[Collection entries]
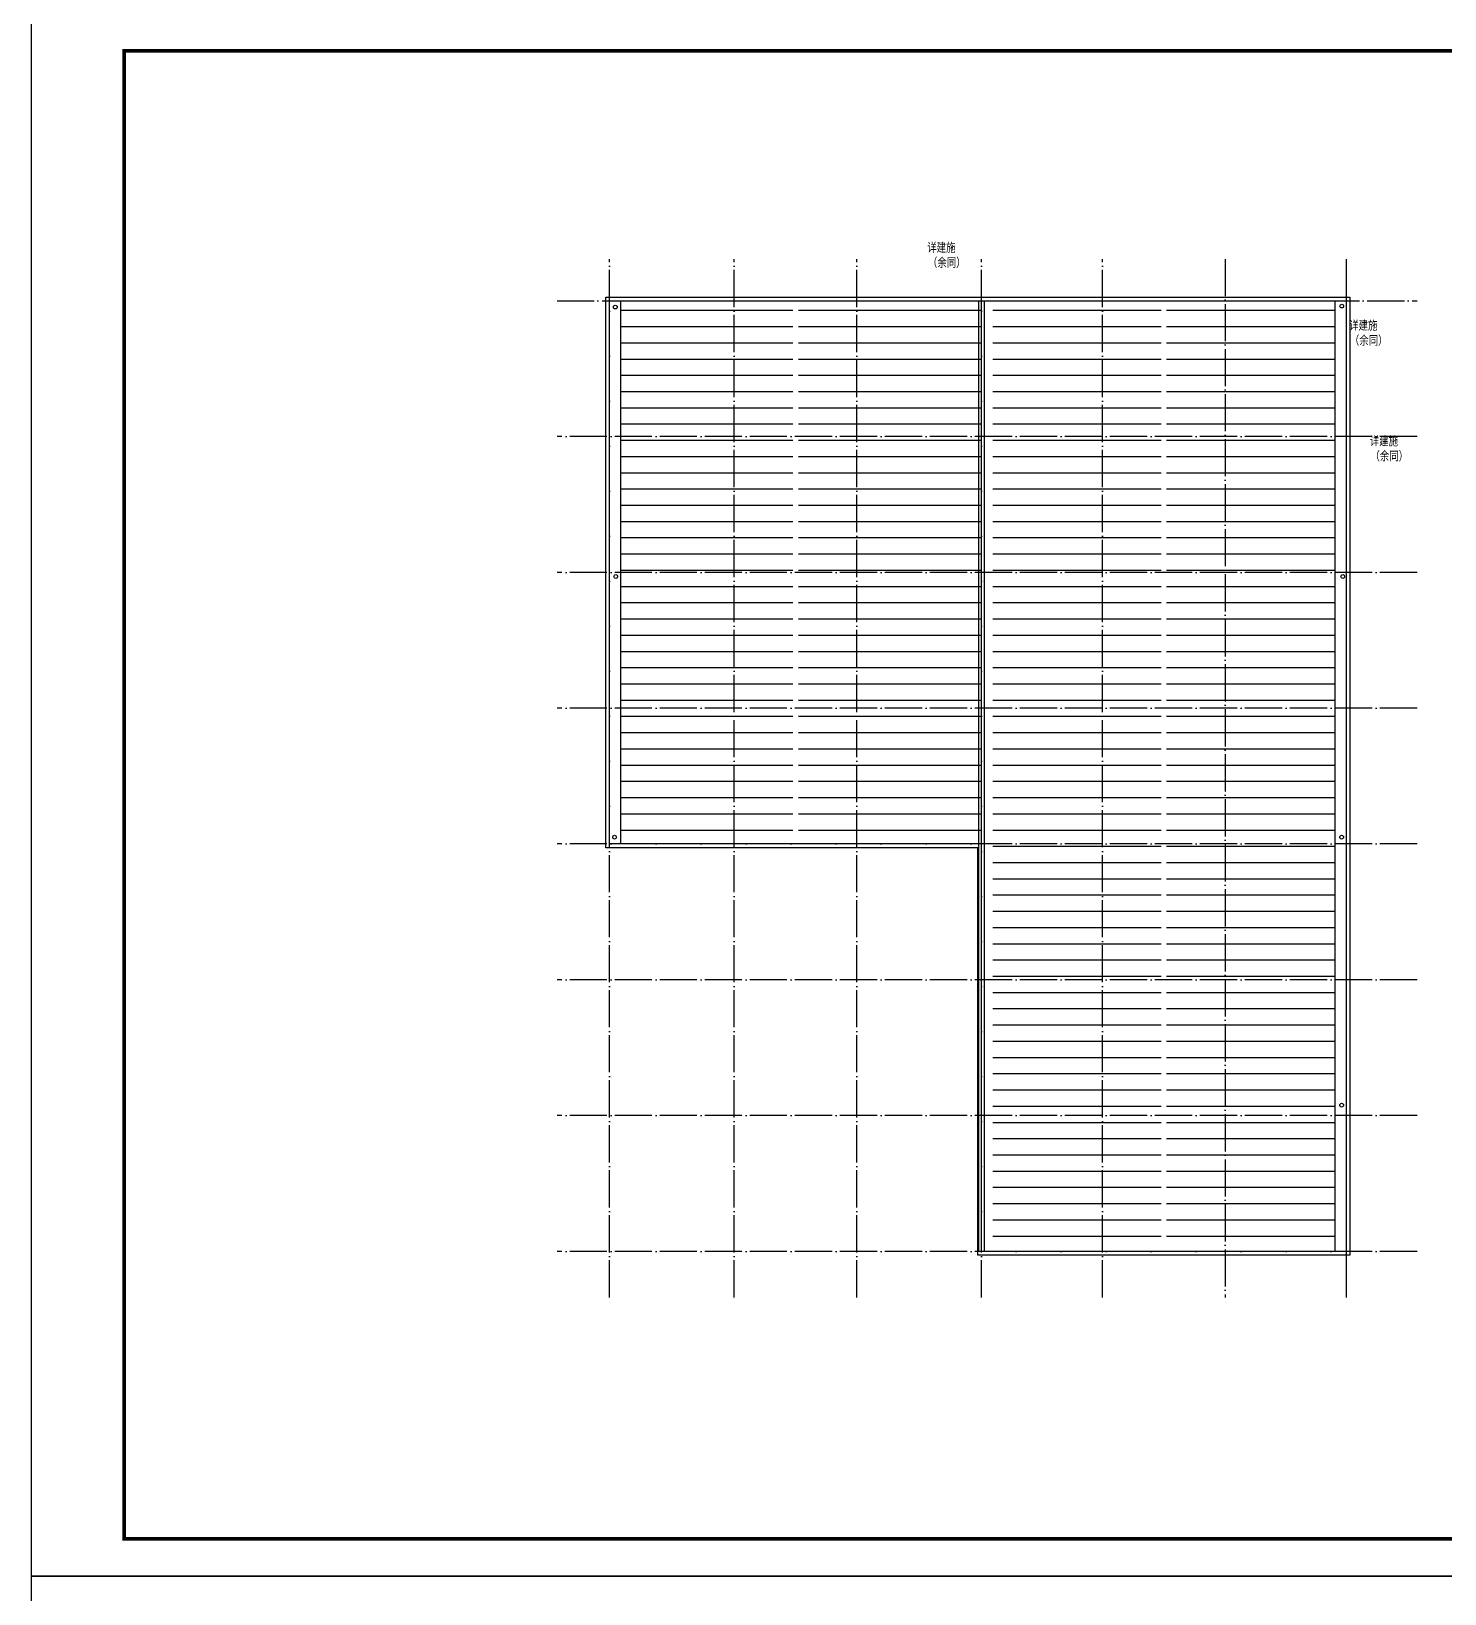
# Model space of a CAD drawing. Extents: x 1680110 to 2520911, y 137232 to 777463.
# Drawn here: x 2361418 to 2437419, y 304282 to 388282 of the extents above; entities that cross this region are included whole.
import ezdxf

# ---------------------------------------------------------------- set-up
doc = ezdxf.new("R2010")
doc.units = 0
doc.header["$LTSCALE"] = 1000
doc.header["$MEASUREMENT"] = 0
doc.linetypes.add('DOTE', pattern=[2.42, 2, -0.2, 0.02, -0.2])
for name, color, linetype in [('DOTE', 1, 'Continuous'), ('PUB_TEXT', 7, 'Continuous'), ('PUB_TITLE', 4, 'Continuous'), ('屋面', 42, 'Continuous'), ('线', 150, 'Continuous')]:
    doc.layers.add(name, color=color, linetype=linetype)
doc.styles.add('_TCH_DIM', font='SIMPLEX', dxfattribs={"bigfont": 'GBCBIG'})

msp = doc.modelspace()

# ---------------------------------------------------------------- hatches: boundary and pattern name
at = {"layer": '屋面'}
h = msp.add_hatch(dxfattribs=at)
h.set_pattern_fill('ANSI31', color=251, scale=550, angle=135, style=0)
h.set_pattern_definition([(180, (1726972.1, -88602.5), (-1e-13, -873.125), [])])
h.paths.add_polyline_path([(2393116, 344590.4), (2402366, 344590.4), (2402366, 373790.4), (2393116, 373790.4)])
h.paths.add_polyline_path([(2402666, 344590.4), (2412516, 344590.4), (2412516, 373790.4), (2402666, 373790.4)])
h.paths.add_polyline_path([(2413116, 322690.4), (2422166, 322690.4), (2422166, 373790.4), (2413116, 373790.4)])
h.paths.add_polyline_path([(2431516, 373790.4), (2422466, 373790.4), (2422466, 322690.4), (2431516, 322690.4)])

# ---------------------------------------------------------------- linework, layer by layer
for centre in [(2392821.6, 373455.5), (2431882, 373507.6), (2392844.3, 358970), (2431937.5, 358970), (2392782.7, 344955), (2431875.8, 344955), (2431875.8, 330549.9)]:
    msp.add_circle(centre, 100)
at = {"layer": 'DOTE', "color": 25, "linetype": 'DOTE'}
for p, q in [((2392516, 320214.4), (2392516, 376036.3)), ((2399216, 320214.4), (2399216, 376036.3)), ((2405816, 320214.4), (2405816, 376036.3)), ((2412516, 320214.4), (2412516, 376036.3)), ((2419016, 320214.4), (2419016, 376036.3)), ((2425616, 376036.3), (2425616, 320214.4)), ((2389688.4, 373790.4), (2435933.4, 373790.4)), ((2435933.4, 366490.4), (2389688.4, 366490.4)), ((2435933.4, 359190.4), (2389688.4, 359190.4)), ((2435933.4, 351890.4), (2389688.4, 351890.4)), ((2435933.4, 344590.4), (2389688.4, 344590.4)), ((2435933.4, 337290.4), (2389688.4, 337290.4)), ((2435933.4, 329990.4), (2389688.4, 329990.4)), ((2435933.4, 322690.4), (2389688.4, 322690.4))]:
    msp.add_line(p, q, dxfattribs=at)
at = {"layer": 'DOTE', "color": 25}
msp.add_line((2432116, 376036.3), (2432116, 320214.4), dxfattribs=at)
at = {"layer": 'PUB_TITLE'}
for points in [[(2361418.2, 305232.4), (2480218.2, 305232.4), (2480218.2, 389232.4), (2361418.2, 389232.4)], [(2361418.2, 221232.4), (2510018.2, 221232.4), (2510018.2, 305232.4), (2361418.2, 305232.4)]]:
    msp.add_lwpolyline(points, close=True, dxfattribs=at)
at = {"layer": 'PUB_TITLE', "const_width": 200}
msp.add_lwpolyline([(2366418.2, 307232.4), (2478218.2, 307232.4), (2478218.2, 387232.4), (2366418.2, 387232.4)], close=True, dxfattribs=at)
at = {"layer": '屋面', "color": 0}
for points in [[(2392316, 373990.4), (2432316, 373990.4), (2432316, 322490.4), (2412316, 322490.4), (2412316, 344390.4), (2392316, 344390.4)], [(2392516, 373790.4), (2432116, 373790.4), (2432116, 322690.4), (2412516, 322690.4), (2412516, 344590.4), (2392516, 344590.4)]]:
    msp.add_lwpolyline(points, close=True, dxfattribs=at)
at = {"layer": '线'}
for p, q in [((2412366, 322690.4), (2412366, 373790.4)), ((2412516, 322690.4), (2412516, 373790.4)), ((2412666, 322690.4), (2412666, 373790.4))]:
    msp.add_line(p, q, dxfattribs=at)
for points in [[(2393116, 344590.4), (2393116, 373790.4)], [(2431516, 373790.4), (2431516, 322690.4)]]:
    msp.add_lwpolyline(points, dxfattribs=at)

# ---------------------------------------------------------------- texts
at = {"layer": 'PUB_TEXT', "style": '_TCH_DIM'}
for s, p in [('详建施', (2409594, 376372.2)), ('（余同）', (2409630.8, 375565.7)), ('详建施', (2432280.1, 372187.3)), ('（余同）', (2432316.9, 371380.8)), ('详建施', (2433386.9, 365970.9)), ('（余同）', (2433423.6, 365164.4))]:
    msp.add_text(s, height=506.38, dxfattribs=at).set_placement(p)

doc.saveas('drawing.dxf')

▶ [Exercise description]:
Pull every line with the string "name" from the data above.

▶ [Solution to the exercise]:
for name, color, linetype in [('DOTE', 1, 'Continuous'), ('PUB_TEXT', 7, 'Continuous'), ('PUB_TITLE', 4, 'Continuous'), ('屋面', 42, 'Continuous'), ('线', 150, 'Continuous')]:
    doc.layers.add(name, color=color, linetype=linetype)
# ---------------------------------------------------------------- hatches: boundary and pattern name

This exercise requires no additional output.